══ Record excerpts

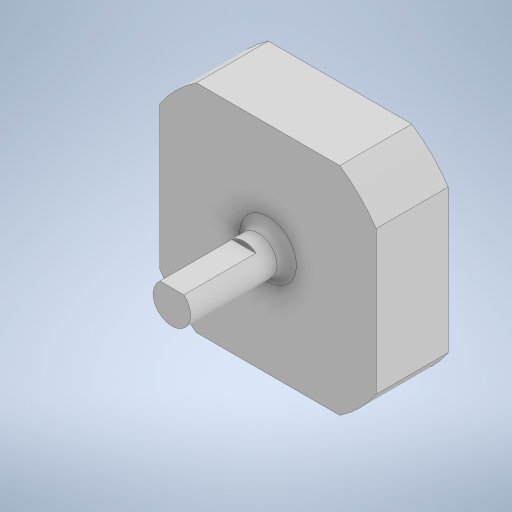
# Autodesk Inventor part: 손잡이 축
Saved by Autodesk Inventor 2023 (Build 270158000, 158)
## iProperties
Created: 2022-06-24
Part Number: 손잡이 축
Material: 일반
Document SubType Name: Modeling
Designer: user
Density: 1 g/cm^3
Appearance: 기본값
Author: user
Autodesk Inventor part; units mm, degrees
ref_plane "YZ Plane" through (0, 0, 0) normal (1, 0, 0) x (0, 1, 0)
ref_plane "XZ Plane" through (0, 0, 0) normal (0, 1, 0) x (-1, 0, 0)
ref_plane "XY Plane" through (0, 0, 0) normal (0, 0, 1) x (1, 0, 0)
sketch "스케치1" plane through (0, 0, 0) normal (0, 0, 1) x (1, 0, 0)
  circle A0 centre (0, 0) radius 27
  line L0 (-22.5, -22.5) -> (22.5, -22.5)
  line L1 (22.5, -22.5) -> (22.5, 22.5)
  line L2 (22.5, 22.5) -> (-22.5, 22.5)
  line L3 (-22.5, 22.5) -> (-22.5, -22.5)
  line L4 (-22.5, -22.5) -> (22.5, 22.5) construction
  line L5 (22.5, -22.5) -> (-22.5, 22.5) construction
  point P0 (-22.5, 14.9248)
  point P1 (-22.5, -14.9248)
  point P2 (-14.9248, -22.5)
  point P3 (14.9248, -22.5)
  point P4 (22.5, -14.9248)
  point P5 (22.5, 14.9248)
  point P6 (14.9248, 22.5)
  point P7 (-14.9248, 22.5)
  dimension "d0" = 54
  dimension "d5" = 45
  dimension "d6" = 45
  constraints: 12 end point, 2 midpoint, 2 parallel, 1 centre point, 1 coincident, 1 horizontal, 1 perpendicular
  measures "d0" diameter of A0
  measures "d5" distance of L2.end L1.end
  measures "d6" distance of L1.end L0.end
extrude "돌출1" add sketch "스케치1" along normal blind 15 contours L1 A0 L0 L3 L2
sketch "스케치2" plane through (0, 0, 15) normal (0, 0, 1) x (1, 0, 0)
  point P0 (0, 0)
sketch "스케치3" plane through (0, 0, 15) normal (0, 0, 1) x (1, 0, 0)
  circle A0 centre (0, 0) radius 3.9
  line L0 (-2.492, 3) -> (2.492, 3)
  dimension "d7" = 7.8
  dimension "d8" = 3
  constraints: 2 end point, 2 point on circle, 1 centre point, 1 coincident, 1 horizontal
  measures "d7" diameter of A0
  measures "d8" distance from line of point (0, 0) L0
extrude "돌출2" add sketch "스케치3" along normal blind 20 contours A0 L0 picked at (1.186, -0.6989)
extrude "돌출3" add sketch "스케치3" along normal blind 5 contours L0 A0 picked at (-0.5796, 3.1636)
fillet "모깎기1" radius 2 1 edges at (-2.492, -3, 15)

════

▶ Exercise aim
Transcribe the complete set of entries verbatim. No pictures belong in the copy.

▶ Output below
# Autodesk Inventor part: 손잡이 축
Saved by Autodesk Inventor 2023 (Build 270158000, 158)
## iProperties
Created: 2022-06-24
Part Number: 손잡이 축
Material: 일반
Document SubType Name: Modeling
Designer: user
Density: 1 g/cm^3
Appearance: 기본값
Author: user
Autodesk Inventor part; units mm, degrees
ref_plane "YZ Plane" through (0, 0, 0) normal (1, 0, 0) x (0, 1, 0)
ref_plane "XZ Plane" through (0, 0, 0) normal (0, 1, 0) x (-1, 0, 0)
ref_plane "XY Plane" through (0, 0, 0) normal (0, 0, 1) x (1, 0, 0)
sketch "스케치1" plane through (0, 0, 0) normal (0, 0, 1) x (1, 0, 0)
  circle A0 centre (0, 0) radius 27
  line L0 (-22.5, -22.5) -> (22.5, -22.5)
  line L1 (22.5, -22.5) -> (22.5, 22.5)
  line L2 (22.5, 22.5) -> (-22.5, 22.5)
  line L3 (-22.5, 22.5) -> (-22.5, -22.5)
  line L4 (-22.5, -22.5) -> (22.5, 22.5) construction
  line L5 (22.5, -22.5) -> (-22.5, 22.5) construction
  point P0 (-22.5, 14.9248)
  point P1 (-22.5, -14.9248)
  point P2 (-14.9248, -22.5)
  point P3 (14.9248, -22.5)
  point P4 (22.5, -14.9248)
  point P5 (22.5, 14.9248)
  point P6 (14.9248, 22.5)
  point P7 (-14.9248, 22.5)
  dimension "d0" = 54
  dimension "d5" = 45
  dimension "d6" = 45
  constraints: 12 end point, 2 midpoint, 2 parallel, 1 centre point, 1 coincident, 1 horizontal, 1 perpendicular
  measures "d0" diameter of A0
  measures "d5" distance of L2.end L1.end
  measures "d6" distance of L1.end L0.end
extrude "돌출1" add sketch "스케치1" along normal blind 15 contours L1 A0 L0 L3 L2
sketch "스케치2" plane through (0, 0, 15) normal (0, 0, 1) x (1, 0, 0)
  point P0 (0, 0)
sketch "스케치3" plane through (0, 0, 15) normal (0, 0, 1) x (1, 0, 0)
  circle A0 centre (0, 0) radius 3.9
  line L0 (-2.492, 3) -> (2.492, 3)
  dimension "d7" = 7.8
  dimension "d8" = 3
  constraints: 2 end point, 2 point on circle, 1 centre point, 1 coincident, 1 horizontal
  measures "d7" diameter of A0
  measures "d8" distance from line of point (0, 0) L0
extrude "돌출2" add sketch "스케치3" along normal blind 20 contours A0 L0 picked at (1.186, -0.6989)
extrude "돌출3" add sketch "스케치3" along normal blind 5 contours L0 A0 picked at (-0.5796, 3.1636)
fillet "모깎기1" radius 2 1 edges at (-2.492, -3, 15)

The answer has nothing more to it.